Installation#

Oban requires Python 3.12+ and PostgreSQL 12.0+. Ensure both are available and that PostgreSQL is running before installation.

Installing the Package#

Install oban using your preferred package manager:

uv add oban
# or
pip install oban

Configuration#

Create an oban.toml file in your project root with your database connection string:

dsn = "postgresql://user:password@localhost/mydb"

Installing the Schema#

After the oban package and sub-dependencies are installed, you must install the necessary tables, indexes, and functions to your database.

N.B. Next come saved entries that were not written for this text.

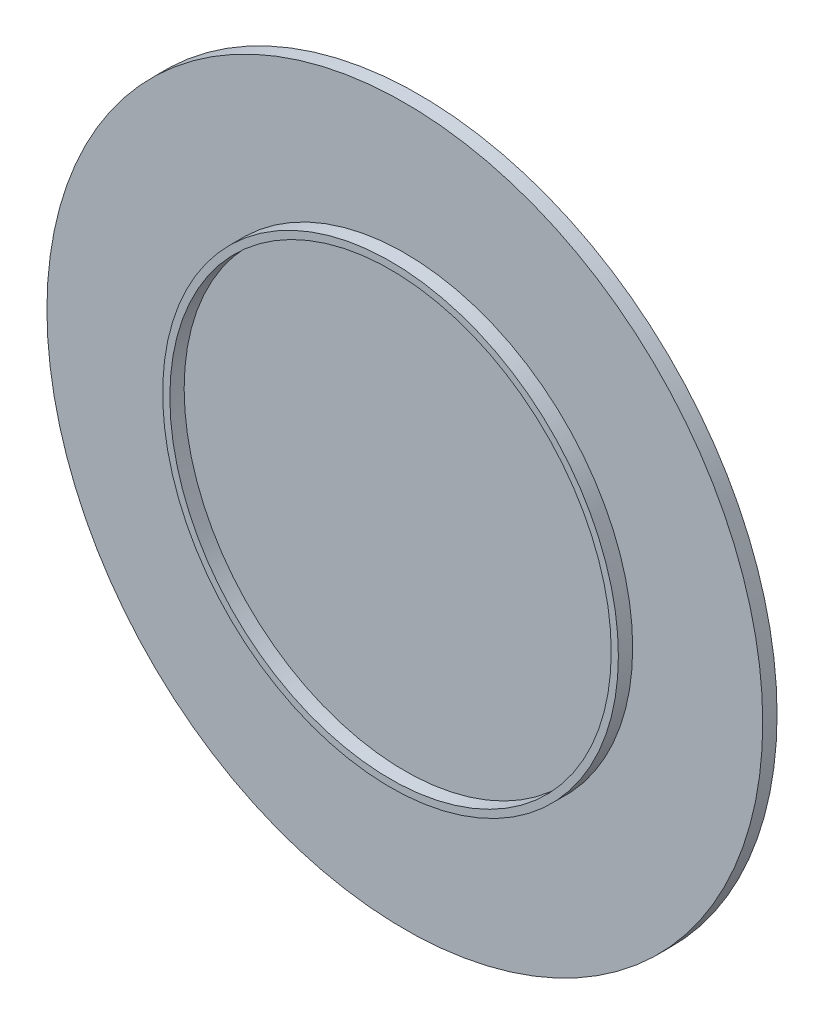
ISO-10303-21;
HEADER;
FILE_DESCRIPTION(('STEP AP214'),'2;1');
FILE_NAME('part.step','',(''),(''),'','','');
FILE_SCHEMA(('AUTOMOTIVE_DESIGN { 1 0 10303 214 1 1 1 1 }'));
ENDSEC;
DATA;
#1=APPLICATION_CONTEXT('core data for automotive mechanical design processes');
#2=APPLICATION_PROTOCOL_DEFINITION('international standard','automotive_design',2000,#1);
#3=PRODUCT_CONTEXT('',#1,'mechanical');
#4=PRODUCT('Part','Part','',(#3));
#5=PRODUCT_RELATED_PRODUCT_CATEGORY('part','',(#4));
#6=PRODUCT_DEFINITION_FORMATION('','',#4);
#7=PRODUCT_DEFINITION_CONTEXT('part definition',#1,'design');
#8=PRODUCT_DEFINITION('design','',#6,#7);
#9=PRODUCT_DEFINITION_SHAPE('','',#8);
#10=(LENGTH_UNIT() NAMED_UNIT(*) SI_UNIT(.MILLI.,.METRE.));
#11=(NAMED_UNIT(*) PLANE_ANGLE_UNIT() SI_UNIT($,.RADIAN.));
#12=(NAMED_UNIT(*) SI_UNIT($,.STERADIAN.) SOLID_ANGLE_UNIT());
#13=UNCERTAINTY_MEASURE_WITH_UNIT(LENGTH_MEASURE(1.E-05),#10,'distance_accuracy_value','');
#14=(GEOMETRIC_REPRESENTATION_CONTEXT(3) GLOBAL_UNCERTAINTY_ASSIGNED_CONTEXT((#13)) GLOBAL_UNIT_ASSIGNED_CONTEXT((#10,
#11,#12)) REPRESENTATION_CONTEXT('',''));
#15=CARTESIAN_POINT('',(0.,0.,0.));
#16=DIRECTION('',(0.,0.,1.));
#17=DIRECTION('',(1.,0.,0.));
#18=AXIS2_PLACEMENT_3D('',#15,#16,#17);
#19=CARTESIAN_POINT('',(0.,0.,10.));
#20=DIRECTION('',(0.,0.,1.));
#21=DIRECTION('',(1.,0.,0.));
#22=AXIS2_PLACEMENT_3D('',#19,#20,#21);
#23=PLANE('',#22);
#24=CARTESIAN_POINT('',(0.,0.,10.));
#25=DIRECTION('',(0.,0.,1.));
#26=DIRECTION('',(1.,0.,0.));
#27=AXIS2_PLACEMENT_3D('',#24,#25,#26);
#28=CIRCLE('',#27,159.1549431);
#29=CARTESIAN_POINT('',(159.1549431,0.,10.));
#30=VERTEX_POINT('',#29);
#31=EDGE_CURVE('E11',#30,#30,#28,.T.);
#32=ORIENTED_EDGE('',*,*,#31,.T.);
#33=EDGE_LOOP('',(#32));
#34=FACE_BOUND('',#33,.T.);
#35=CARTESIAN_POINT('',(0.,0.,10.));
#36=DIRECTION('',(0.,0.,1.));
#37=DIRECTION('',(1.,0.,0.));
#38=AXIS2_PLACEMENT_3D('',#35,#36,#37);
#39=CIRCLE('',#38,154.1549431);
#40=CARTESIAN_POINT('',(154.1549431,0.,10.));
#41=VERTEX_POINT('',#40);
#42=EDGE_CURVE('E46',#41,#41,#39,.T.);
#43=ORIENTED_EDGE('',*,*,#42,.F.);
#44=EDGE_LOOP('',(#43));
#45=FACE_BOUND('',#44,.T.);
#46=ADVANCED_FACE('F39',(#34,#45),#23,.T.);
#47=CARTESIAN_POINT('',(0.,0.,10.));
#48=DIRECTION('',(0.,0.,-1.));
#49=DIRECTION('',(-1.,0.,0.));
#50=AXIS2_PLACEMENT_3D('',#47,#48,#49);
#51=CYLINDRICAL_SURFACE('',#50,159.1549431);
#52=ORIENTED_EDGE('',*,*,#31,.F.);
#53=EDGE_LOOP('',(#52));
#54=FACE_BOUND('',#53,.T.);
#55=CARTESIAN_POINT('',(0.,0.,0.));
#56=DIRECTION('',(0.,0.,1.));
#57=DIRECTION('',(1.,0.,0.));
#58=AXIS2_PLACEMENT_3D('',#55,#56,#57);
#59=CIRCLE('',#58,159.1549431);
#60=CARTESIAN_POINT('',(159.1549431,0.,0.));
#61=VERTEX_POINT('',#60);
#62=EDGE_CURVE('E55',#61,#61,#59,.T.);
#63=ORIENTED_EDGE('',*,*,#62,.T.);
#64=EDGE_LOOP('',(#63));
#65=FACE_BOUND('',#64,.T.);
#66=ADVANCED_FACE('F41',(#54,#65),#51,.T.);
#67=CARTESIAN_POINT('',(0.,0.,10.));
#68=DIRECTION('',(0.,0.,-1.));
#69=DIRECTION('',(-1.,0.,0.));
#70=AXIS2_PLACEMENT_3D('',#67,#68,#69);
#71=CYLINDRICAL_SURFACE('',#70,154.1549431);
#72=ORIENTED_EDGE('',*,*,#42,.T.);
#73=EDGE_LOOP('',(#72));
#74=FACE_BOUND('',#73,.T.);
#75=CARTESIAN_POINT('',(0.,0.,0.));
#76=DIRECTION('',(0.,0.,1.));
#77=DIRECTION('',(1.,0.,0.));
#78=AXIS2_PLACEMENT_3D('',#75,#76,#77);
#79=CIRCLE('',#78,154.1549431);
#80=CARTESIAN_POINT('',(154.1549431,0.,0.));
#81=VERTEX_POINT('',#80);
#82=EDGE_CURVE('E50',#81,#81,#79,.T.);
#83=ORIENTED_EDGE('',*,*,#82,.F.);
#84=EDGE_LOOP('',(#83));
#85=FACE_BOUND('',#84,.T.);
#86=ADVANCED_FACE('F82',(#74,#85),#71,.F.);
#87=CARTESIAN_POINT('',(0.,0.,0.));
#88=DIRECTION('',(0.,0.,1.));
#89=DIRECTION('',(1.,0.,0.));
#90=AXIS2_PLACEMENT_3D('',#87,#88,#89);
#91=PLANE('',#90);
#92=ORIENTED_EDGE('',*,*,#82,.T.);
#93=EDGE_LOOP('',(#92));
#94=FACE_BOUND('',#93,.T.);
#95=ADVANCED_FACE('F87',(#94),#91,.T.);
#96=CARTESIAN_POINT('',(0.,0.,0.));
#97=DIRECTION('',(0.,0.,1.));
#98=DIRECTION('',(1.,0.,0.));
#99=AXIS2_PLACEMENT_3D('',#96,#97,#98);
#100=CIRCLE('',#99,250.);
#101=CARTESIAN_POINT('',(250.,0.,0.));
#102=VERTEX_POINT('',#101);
#103=EDGE_CURVE('E60',#102,#102,#100,.T.);
#104=ORIENTED_EDGE('',*,*,#103,.T.);
#105=EDGE_LOOP('',(#104));
#106=FACE_BOUND('',#105,.T.);
#107=ORIENTED_EDGE('',*,*,#62,.F.);
#108=EDGE_LOOP('',(#107));
#109=FACE_BOUND('',#108,.T.);
#110=ADVANCED_FACE('F75',(#106,#109),#91,.T.);
#111=CARTESIAN_POINT('',(0.,0.,-10.));
#112=DIRECTION('',(0.,0.,1.));
#113=DIRECTION('',(1.,0.,0.));
#114=AXIS2_PLACEMENT_3D('',#111,#112,#113);
#115=CYLINDRICAL_SURFACE('',#114,250.);
#116=CARTESIAN_POINT('',(0.,0.,-10.));
#117=DIRECTION('',(0.,0.,1.));
#118=DIRECTION('',(1.,0.,0.));
#119=AXIS2_PLACEMENT_3D('',#116,#117,#118);
#120=CIRCLE('',#119,250.);
#121=CARTESIAN_POINT('',(250.,0.,-10.));
#122=VERTEX_POINT('',#121);
#123=EDGE_CURVE('E59',#122,#122,#120,.T.);
#124=ORIENTED_EDGE('',*,*,#123,.T.);
#125=EDGE_LOOP('',(#124));
#126=FACE_BOUND('',#125,.T.);
#127=ORIENTED_EDGE('',*,*,#103,.F.);
#128=EDGE_LOOP('',(#127));
#129=FACE_BOUND('',#128,.T.);
#130=ADVANCED_FACE('F66',(#126,#129),#115,.T.);
#131=CARTESIAN_POINT('',(0.,0.,-10.));
#132=DIRECTION('',(0.,0.,1.));
#133=DIRECTION('',(1.,0.,0.));
#134=AXIS2_PLACEMENT_3D('',#131,#132,#133);
#135=PLANE('',#134);
#136=ORIENTED_EDGE('',*,*,#123,.F.);
#137=EDGE_LOOP('',(#136));
#138=FACE_BOUND('',#137,.T.);
#139=ADVANCED_FACE('F69',(#138),#135,.F.);
#140=CLOSED_SHELL('',(#46,#66,#86,#95,#110,#130,#139));
#141=MANIFOLD_SOLID_BREP('B2',#140);
#142=ADVANCED_BREP_SHAPE_REPRESENTATION('',(#18,#141),#14);
#143=SHAPE_DEFINITION_REPRESENTATION(#9,#142);
ENDSEC;
END-ISO-10303-21;

Installation can be done through the CLI, with a migration tool like Alembic, or programmatically.

The simplest approach is to use the CLI with your configuration file:

oban install

Or specify the connection string directly (if you didn’t create the oban.toml config):

oban install --dsn "postgresql://user:password@localhost/mydb"

If you’re using a migration framework like Alembic or Django, use the install_sql function to get the raw SQL:

from oban.schema import install_sql

sql = install_sql()

For Alembic:

from alembic import op
from oban.schema import install_sql

def upgrade():
    op.execute(install_sql())

For Django:

from django.db import migrations
from oban.schema import install_sql

class Migration(migrations.Migration):
    operations = [
        migrations.RunSQL(install_sql()),
    ]

You can also install the schema programmatically:

import asyncio
from oban import Oban
from oban.schema import install

async def setup():
    pool = await Oban.create_pool()
    await install(pool)
    await pool.close()

asyncio.run(setup())

Verification#

Verify the installation by starting Oban:

oban start

You should see output indicating Oban has started and is ready to process jobs. It’s time to create your first worker, schedule periodic jobs, and configure queues!